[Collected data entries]

==*==

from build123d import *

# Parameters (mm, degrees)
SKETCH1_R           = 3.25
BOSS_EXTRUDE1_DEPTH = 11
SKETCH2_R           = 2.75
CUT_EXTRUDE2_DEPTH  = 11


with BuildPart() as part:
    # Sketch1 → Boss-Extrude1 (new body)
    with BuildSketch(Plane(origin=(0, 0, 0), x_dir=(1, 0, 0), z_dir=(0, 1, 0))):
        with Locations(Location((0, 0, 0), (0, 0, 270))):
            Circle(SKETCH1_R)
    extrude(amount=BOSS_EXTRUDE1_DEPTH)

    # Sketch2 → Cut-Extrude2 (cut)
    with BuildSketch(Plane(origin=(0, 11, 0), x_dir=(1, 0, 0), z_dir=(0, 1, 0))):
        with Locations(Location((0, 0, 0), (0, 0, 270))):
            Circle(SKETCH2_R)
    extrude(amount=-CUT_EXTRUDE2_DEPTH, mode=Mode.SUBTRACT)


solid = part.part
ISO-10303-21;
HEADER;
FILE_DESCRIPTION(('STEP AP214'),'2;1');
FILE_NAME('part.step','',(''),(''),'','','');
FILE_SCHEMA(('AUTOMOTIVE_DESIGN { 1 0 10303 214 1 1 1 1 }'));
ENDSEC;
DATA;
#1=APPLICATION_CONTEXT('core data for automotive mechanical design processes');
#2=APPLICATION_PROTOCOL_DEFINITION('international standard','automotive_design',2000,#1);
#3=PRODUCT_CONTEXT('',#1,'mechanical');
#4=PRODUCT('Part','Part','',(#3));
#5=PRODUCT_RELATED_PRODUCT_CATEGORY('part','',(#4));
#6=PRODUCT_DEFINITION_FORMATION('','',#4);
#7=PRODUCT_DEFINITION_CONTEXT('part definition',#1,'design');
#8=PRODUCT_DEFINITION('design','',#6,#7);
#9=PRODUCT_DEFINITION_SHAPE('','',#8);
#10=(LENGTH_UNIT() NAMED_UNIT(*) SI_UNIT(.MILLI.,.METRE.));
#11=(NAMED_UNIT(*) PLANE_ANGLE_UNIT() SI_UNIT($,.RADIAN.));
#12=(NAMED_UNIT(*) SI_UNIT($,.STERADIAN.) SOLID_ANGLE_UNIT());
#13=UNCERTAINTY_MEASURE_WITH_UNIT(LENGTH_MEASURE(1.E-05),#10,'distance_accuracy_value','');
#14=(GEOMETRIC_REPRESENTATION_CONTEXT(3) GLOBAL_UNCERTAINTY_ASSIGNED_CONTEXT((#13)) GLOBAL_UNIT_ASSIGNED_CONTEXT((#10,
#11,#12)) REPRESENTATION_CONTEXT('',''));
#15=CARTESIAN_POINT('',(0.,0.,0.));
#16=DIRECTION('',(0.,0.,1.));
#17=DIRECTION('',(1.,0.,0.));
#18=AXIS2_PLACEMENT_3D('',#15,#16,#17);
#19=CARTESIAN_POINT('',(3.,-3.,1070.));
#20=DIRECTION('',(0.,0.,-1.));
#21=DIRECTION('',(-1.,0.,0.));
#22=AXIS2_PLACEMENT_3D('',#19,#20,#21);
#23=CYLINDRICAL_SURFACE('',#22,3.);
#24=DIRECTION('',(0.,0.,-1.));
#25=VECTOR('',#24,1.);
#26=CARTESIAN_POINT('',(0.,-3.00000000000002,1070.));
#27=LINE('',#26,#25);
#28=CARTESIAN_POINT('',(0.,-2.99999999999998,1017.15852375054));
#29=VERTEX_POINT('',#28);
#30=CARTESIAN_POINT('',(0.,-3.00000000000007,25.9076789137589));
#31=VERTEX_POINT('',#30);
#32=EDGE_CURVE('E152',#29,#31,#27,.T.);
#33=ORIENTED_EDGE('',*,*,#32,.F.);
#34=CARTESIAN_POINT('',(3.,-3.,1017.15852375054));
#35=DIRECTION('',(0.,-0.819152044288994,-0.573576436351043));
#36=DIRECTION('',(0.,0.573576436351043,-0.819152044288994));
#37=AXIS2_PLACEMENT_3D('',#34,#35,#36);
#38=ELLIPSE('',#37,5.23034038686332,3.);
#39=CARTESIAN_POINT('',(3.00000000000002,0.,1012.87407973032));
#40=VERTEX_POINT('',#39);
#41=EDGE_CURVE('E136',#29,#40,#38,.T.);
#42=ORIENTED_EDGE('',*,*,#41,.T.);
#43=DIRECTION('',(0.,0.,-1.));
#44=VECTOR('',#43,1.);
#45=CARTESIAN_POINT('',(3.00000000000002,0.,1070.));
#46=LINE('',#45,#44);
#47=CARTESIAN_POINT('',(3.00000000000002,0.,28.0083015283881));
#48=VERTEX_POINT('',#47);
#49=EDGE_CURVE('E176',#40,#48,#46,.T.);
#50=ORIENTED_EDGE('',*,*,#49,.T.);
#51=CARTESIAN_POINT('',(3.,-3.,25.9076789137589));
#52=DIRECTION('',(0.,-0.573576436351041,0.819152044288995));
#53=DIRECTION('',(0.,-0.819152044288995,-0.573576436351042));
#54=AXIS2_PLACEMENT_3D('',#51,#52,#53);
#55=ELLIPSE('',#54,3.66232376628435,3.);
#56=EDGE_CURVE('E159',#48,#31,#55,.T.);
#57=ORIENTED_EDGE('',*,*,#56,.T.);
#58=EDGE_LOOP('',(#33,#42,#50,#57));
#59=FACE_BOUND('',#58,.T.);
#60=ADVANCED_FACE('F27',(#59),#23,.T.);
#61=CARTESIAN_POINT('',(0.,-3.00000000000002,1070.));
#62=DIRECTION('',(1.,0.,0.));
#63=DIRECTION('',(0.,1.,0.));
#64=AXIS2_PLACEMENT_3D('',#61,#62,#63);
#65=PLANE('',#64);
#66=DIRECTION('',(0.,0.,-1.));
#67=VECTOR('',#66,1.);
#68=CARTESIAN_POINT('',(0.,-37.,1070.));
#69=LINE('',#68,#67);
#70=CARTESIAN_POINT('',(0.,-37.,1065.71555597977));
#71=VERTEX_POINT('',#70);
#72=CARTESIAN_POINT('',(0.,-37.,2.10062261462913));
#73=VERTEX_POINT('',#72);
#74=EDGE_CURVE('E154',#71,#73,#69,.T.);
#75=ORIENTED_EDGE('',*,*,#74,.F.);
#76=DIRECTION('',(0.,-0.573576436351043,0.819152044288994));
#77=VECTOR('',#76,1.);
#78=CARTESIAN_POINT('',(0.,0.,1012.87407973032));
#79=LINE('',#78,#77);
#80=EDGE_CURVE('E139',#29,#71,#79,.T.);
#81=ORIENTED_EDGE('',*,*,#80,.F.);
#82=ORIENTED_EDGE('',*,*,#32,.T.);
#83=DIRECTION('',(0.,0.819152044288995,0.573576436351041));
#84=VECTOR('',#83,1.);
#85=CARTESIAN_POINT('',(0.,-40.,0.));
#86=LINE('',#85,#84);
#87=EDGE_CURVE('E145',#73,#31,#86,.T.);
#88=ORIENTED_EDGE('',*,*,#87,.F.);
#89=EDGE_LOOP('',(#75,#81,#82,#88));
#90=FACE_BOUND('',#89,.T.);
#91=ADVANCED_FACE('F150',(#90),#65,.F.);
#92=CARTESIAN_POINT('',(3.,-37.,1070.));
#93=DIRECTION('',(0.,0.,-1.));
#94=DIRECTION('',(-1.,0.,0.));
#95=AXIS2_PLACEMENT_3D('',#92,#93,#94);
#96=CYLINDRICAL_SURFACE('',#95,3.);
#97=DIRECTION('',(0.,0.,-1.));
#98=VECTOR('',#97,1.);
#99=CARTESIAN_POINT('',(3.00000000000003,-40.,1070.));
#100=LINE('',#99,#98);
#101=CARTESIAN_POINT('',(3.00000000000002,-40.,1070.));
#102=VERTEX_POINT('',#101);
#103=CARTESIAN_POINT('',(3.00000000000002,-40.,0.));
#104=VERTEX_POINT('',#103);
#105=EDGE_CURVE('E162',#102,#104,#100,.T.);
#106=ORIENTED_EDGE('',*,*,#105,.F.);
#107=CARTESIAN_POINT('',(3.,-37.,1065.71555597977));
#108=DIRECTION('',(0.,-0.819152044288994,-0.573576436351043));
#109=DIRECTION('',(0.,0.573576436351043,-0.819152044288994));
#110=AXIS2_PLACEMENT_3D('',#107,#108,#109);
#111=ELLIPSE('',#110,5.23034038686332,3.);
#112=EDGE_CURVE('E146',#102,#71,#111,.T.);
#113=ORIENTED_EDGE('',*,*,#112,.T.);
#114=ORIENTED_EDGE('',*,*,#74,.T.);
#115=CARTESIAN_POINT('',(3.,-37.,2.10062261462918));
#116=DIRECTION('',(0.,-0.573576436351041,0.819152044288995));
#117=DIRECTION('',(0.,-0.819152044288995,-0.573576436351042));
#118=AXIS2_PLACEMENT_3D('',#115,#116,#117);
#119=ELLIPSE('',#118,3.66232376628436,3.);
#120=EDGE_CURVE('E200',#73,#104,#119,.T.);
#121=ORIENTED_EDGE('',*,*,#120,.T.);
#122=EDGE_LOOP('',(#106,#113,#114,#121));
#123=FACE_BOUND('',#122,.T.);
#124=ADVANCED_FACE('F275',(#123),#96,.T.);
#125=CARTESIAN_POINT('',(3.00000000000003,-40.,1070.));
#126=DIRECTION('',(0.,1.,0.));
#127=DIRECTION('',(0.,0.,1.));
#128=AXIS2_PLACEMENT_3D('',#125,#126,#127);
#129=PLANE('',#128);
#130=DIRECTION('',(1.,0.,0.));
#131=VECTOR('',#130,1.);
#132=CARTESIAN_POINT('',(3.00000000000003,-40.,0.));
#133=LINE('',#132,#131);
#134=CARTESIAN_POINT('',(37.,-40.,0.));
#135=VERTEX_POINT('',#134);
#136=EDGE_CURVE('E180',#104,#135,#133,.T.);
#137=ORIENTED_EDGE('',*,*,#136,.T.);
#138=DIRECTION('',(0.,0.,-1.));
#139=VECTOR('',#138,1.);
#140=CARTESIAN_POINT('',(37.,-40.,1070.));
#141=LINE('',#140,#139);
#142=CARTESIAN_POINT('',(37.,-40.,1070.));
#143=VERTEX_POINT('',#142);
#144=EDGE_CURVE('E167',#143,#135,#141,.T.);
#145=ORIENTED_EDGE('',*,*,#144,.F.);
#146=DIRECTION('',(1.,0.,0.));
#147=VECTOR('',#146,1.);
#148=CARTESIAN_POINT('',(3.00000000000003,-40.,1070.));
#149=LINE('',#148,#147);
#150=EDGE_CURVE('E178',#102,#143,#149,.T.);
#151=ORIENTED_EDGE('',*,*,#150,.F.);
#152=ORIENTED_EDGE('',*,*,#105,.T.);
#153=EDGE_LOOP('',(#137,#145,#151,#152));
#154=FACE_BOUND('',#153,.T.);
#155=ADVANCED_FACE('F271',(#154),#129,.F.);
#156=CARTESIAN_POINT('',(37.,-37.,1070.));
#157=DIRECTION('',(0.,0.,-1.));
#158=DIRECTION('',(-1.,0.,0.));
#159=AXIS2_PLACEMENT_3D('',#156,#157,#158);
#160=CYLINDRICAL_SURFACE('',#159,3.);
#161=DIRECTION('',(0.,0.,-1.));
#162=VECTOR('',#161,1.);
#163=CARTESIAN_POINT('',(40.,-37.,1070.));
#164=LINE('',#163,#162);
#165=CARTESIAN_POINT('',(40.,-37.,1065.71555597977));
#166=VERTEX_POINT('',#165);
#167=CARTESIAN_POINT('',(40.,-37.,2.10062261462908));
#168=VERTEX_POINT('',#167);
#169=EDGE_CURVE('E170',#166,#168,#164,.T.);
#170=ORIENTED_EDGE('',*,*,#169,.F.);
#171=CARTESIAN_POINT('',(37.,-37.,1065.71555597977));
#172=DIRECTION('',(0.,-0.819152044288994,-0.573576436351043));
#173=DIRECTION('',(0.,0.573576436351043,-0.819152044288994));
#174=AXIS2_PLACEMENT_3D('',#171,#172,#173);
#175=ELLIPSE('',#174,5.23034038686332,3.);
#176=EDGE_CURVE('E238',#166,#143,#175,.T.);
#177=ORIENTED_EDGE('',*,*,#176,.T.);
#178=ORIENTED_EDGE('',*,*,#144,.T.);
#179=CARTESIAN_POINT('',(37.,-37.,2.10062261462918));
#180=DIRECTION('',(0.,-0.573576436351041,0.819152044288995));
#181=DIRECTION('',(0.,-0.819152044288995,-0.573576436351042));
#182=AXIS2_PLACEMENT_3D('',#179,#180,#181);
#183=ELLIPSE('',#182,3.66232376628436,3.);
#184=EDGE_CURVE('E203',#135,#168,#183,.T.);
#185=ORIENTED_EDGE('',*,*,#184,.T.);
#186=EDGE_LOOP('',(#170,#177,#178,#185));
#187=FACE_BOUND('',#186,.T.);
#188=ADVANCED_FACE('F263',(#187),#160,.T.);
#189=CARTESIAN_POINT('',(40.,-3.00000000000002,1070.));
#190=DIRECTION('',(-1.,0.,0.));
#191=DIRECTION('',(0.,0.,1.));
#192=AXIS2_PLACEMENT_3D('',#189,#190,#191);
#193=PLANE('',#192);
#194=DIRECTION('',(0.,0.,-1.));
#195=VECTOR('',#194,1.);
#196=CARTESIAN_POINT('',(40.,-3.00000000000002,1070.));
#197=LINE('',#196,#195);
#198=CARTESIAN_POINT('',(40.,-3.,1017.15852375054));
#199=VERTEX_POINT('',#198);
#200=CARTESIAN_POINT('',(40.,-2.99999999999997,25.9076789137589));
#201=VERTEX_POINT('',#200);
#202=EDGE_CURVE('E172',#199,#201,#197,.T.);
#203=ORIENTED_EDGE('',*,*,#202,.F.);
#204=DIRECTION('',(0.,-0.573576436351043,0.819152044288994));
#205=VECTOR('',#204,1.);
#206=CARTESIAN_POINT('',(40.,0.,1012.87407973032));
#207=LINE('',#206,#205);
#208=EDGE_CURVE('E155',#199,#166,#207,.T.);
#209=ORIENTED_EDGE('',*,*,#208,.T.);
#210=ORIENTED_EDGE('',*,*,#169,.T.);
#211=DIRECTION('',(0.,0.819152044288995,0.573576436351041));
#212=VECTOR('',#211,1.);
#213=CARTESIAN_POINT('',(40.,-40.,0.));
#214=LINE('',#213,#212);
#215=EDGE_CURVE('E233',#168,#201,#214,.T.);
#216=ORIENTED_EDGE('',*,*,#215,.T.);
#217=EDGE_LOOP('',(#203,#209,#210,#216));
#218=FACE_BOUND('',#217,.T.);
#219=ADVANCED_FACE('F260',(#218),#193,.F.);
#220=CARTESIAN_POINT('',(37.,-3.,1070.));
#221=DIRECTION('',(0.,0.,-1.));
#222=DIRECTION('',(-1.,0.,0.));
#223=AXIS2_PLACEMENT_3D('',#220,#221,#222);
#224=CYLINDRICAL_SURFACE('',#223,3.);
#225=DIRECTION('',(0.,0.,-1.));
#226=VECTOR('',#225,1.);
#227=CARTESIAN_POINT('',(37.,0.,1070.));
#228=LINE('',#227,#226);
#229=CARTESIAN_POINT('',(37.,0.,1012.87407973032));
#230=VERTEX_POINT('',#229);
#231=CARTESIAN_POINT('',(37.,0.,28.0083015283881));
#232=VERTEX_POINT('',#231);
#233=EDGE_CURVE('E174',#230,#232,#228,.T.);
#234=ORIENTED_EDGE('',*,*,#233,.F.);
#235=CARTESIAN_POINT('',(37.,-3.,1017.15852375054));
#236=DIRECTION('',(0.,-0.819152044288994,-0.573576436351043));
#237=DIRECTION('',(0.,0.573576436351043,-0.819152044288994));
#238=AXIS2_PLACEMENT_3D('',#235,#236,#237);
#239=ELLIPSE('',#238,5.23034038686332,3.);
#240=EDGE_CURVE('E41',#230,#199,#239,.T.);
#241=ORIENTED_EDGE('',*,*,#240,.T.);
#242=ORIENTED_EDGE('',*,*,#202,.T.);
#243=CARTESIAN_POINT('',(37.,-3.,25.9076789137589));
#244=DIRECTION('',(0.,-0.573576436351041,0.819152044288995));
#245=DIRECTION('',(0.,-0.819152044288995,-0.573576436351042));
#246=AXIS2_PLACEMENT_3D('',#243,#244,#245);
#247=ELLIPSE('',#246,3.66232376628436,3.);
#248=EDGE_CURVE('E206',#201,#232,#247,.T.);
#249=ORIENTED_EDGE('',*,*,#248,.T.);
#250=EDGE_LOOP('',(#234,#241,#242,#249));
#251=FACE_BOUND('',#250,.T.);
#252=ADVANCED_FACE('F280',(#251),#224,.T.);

==*==

* REQUIREMENT
Take the lines from the first line of the records through the line holding "FILE_NAME('part.step','',(''),(''),'','','');", both included, and please reproduce them exactly with nothing added.

* EXERCISE ANSWER
from build123d import *

# Parameters (mm, degrees)
SKETCH1_R           = 3.25
BOSS_EXTRUDE1_DEPTH = 11
SKETCH2_R           = 2.75
CUT_EXTRUDE2_DEPTH  = 11


with BuildPart() as part:
    # Sketch1 → Boss-Extrude1 (new body)
    with BuildSketch(Plane(origin=(0, 0, 0), x_dir=(1, 0, 0), z_dir=(0, 1, 0))):
        with Locations(Location((0, 0, 0), (0, 0, 270))):
            Circle(SKETCH1_R)
    extrude(amount=BOSS_EXTRUDE1_DEPTH)

    # Sketch2 → Cut-Extrude2 (cut)
    with BuildSketch(Plane(origin=(0, 11, 0), x_dir=(1, 0, 0), z_dir=(0, 1, 0))):
        with Locations(Location((0, 0, 0), (0, 0, 270))):
            Circle(SKETCH2_R)
    extrude(amount=-CUT_EXTRUDE2_DEPTH, mode=Mode.SUBTRACT)


solid = part.part
ISO-10303-21;
HEADER;
FILE_DESCRIPTION(('STEP AP214'),'2;1');
FILE_NAME('part.step','',(''),(''),'','','');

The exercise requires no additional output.